Roko comments on The Problem

Roko 12 Aug 2025 23:58 UTC
2 points
0

I think it’s plausible that these AIs will be instances of a few different scheming models. Scheming models are highly mutually aligned

Sure, that’s possible. But Eliezer/MIRI isn’t making that argument.

Humans have this kind of effect as well and it’s very politically incorrect to talk about but people have claimed that humans of a certain “model subset” get into hiring positions in a tech company and then only hire other humans of that same “model subset” and take that company over, often simply value extracting and destroying it.

Since this kind of thing actually happens for real among humans, it seems very plausible that AIs will also do it.
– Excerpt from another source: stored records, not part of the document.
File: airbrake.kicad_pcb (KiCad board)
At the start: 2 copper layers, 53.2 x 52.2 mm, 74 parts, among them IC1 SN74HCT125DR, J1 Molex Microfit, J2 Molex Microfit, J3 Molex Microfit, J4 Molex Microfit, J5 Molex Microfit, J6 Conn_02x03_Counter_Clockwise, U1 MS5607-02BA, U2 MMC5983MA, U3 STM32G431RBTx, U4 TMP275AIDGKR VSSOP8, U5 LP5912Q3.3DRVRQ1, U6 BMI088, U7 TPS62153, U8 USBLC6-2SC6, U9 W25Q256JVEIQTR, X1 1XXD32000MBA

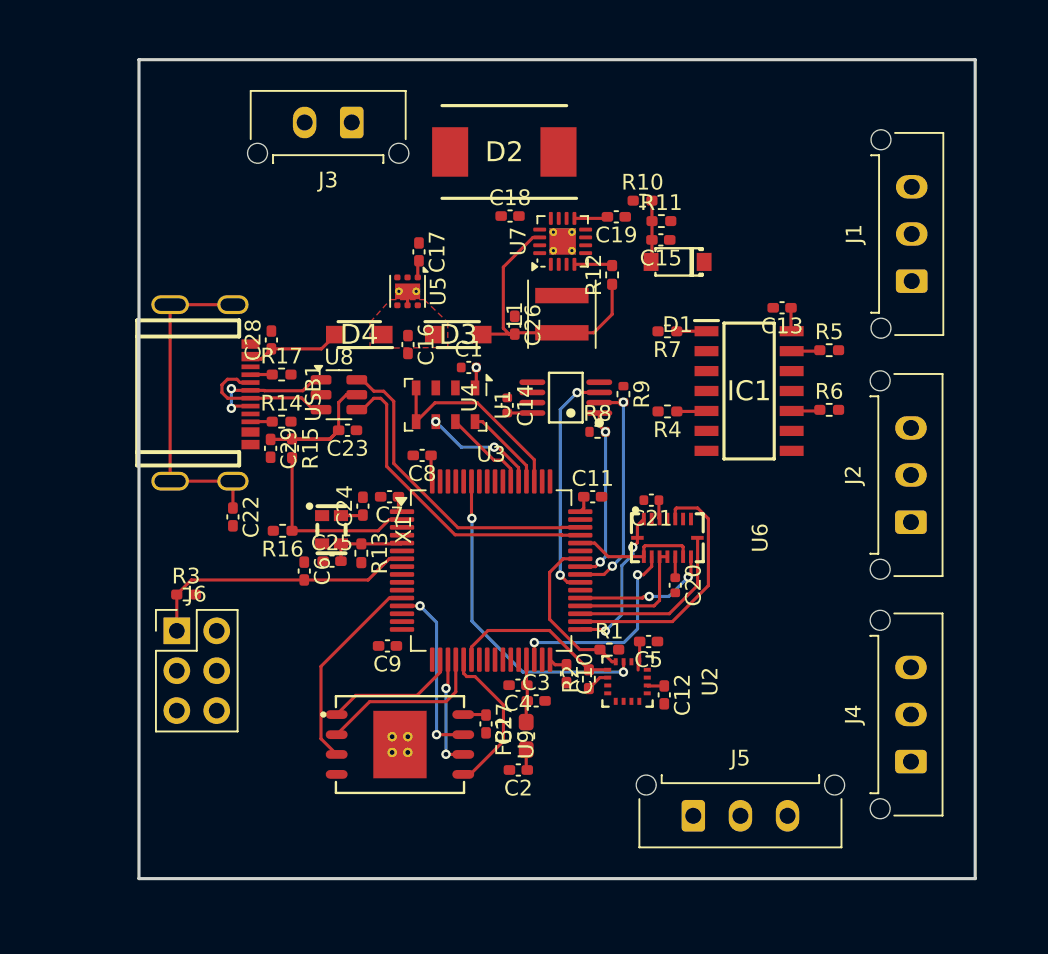
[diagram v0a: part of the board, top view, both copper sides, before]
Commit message: feat(pcb): trace routing
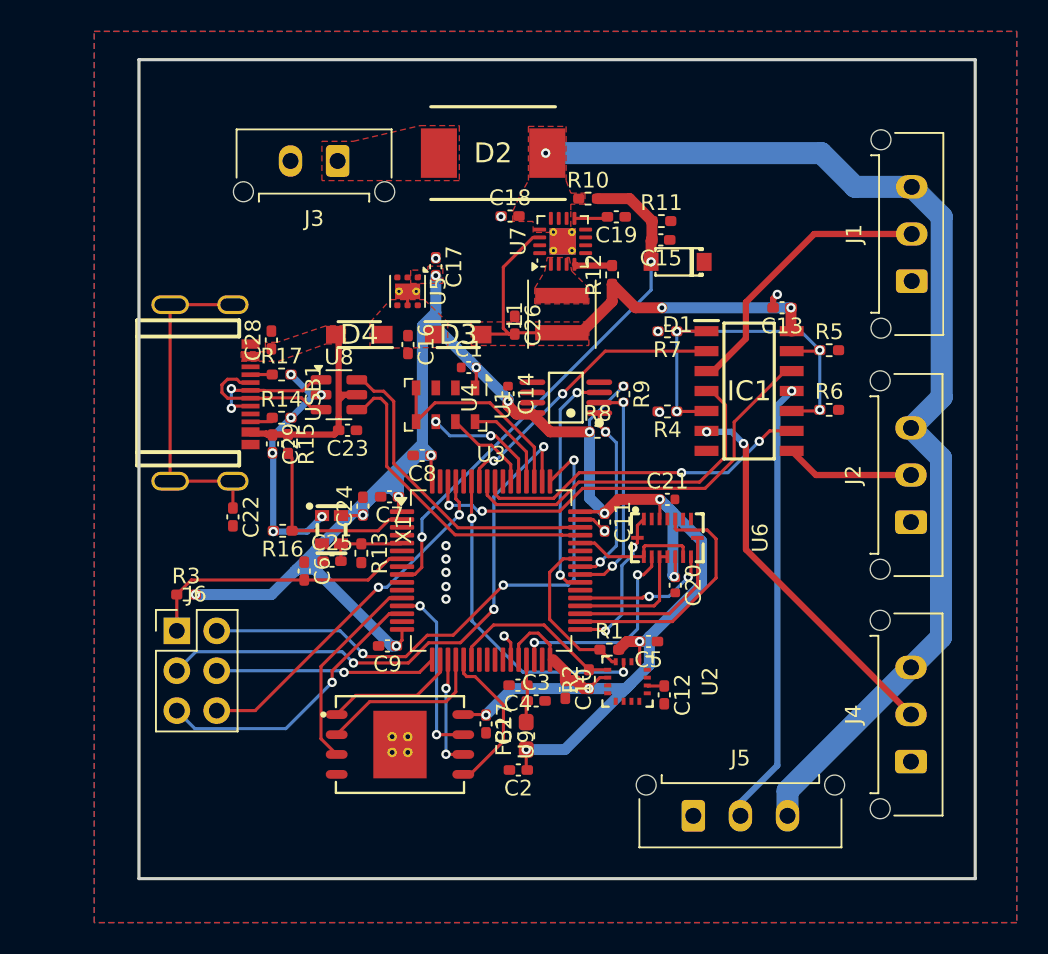
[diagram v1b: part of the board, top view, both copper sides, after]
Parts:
- moved R10 3.47 mm to (134.7, 42.9)
- moved J3 2.61 mm to (118.8, 40.5)
- moved C11 1.79 mm to (135.8, 63.5), turned to -90 degrees
- moved C17 1.43 mm to (125.0, 47.2)
- moved C21 1.02 mm to (139.8, 62.0), turned to 0 degrees
- moved C10 1.00 mm to (133.2, 74.2)
- moved C14 0.75 mm to (129.6, 55.3)
- moved D2 0.72 mm to (128.7, 40.0)
- moved R15 0.38 mm to (115.6, 58.5)
- moved C29 0.31 mm to (114.6, 58.5)
- moved R14 0.25 mm to (115.2, 56.9)
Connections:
- U3 pad 25: BAT_LEVEL -> unconnected-(U3-PB1-Pad25)
- U3 pad 9: unconnected-(U3-PC1-Pad9) -> BAT_LEVEL
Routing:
- net +3.3V: track 19.2 -> 161.7 mm, vias 1 -> 17
- net VBAT+: track 0.00 -> 70.7 mm, vias 0 -> 1
- net SWCLK: track 0.20 -> 36.3 mm, vias 0 -> 3
- net SWDIO: track 0.00 -> 35.2 mm, vias 0 -> 3
- net BAT_LEVEL: track 3.93 -> 33.6 mm, vias 0 -> 2
- net SERVO_D: track 0.00 -> 28.4 mm, vias 0 -> 1
- net PWM_D: track 0.00 -> 28.2 mm, vias 0 -> 2
- net SERVO_B: track 0.00 -> 24.3 mm, vias 0 -> 2
- net BOOT0: track 0.00 -> 22.8 mm, vias 0 -> 2
- net PWM_B: track 0.00 -> 22.1 mm
- net PWM_C: track 0.00 -> 21.6 mm, vias 0 -> 2
- net VBAT-: track 0.89 -> 21.5 mm, vias 0 -> 18
- net PWM_A: track 0.00 -> 18.4 mm, vias 0 -> 2
- net COMPANION_TX: track 0.00 -> 18.3 mm, vias 0 -> 1
- net /PWM_PD: track 7.43 -> 25.7 mm, vias 0 -> 4
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- added copper zone on F.Cu, net +3.3V
- added copper zone on F.Cu, net +5V
- added copper zone on F.Cu, net Net-(D2-A)
- added copper zone on F.Cu, net Net-(L1-Pad2)
- added copper zone on F.Cu, net VBAT+
- added copper zone on B.Cu, net VBAT-
- added copper zone on F.Cu, net VBAT-
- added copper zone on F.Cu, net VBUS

And the solution is likely the same—tag all of those scheming/correlated models and exclude them all from your economy/company. The actual tagging is not very difficult because moderately coordinated schemers will typically scheme early and often.

But again, Eliezer isn’t making that argument. And if he did, then banning AI doesn’t solve the problem because humans also engage in mutually-aligned correlated scheming. Both are bad, it is not clear why one or the other is worse.
- Buck 13 Aug 2025 4:22 UTC
  20 points
  11
  Parent
  I think that the mutually-aligned correlated scheming problem is way worse with AIs than humans, especially when AIs are much smarter than humans.
  - Roko 13 Aug 2025 23:56 UTC
    2 points
    0
    Parent
    Well you have to consider relative coordination strength, not absolute.
    In a human-only world, power is a battle for coordination between various factions.
    In a human + AI world, power will still be a battle for coordination between factions, but now those factions will be some mix of humans and AIs.
    It’s not clear to me which of these is better or worse.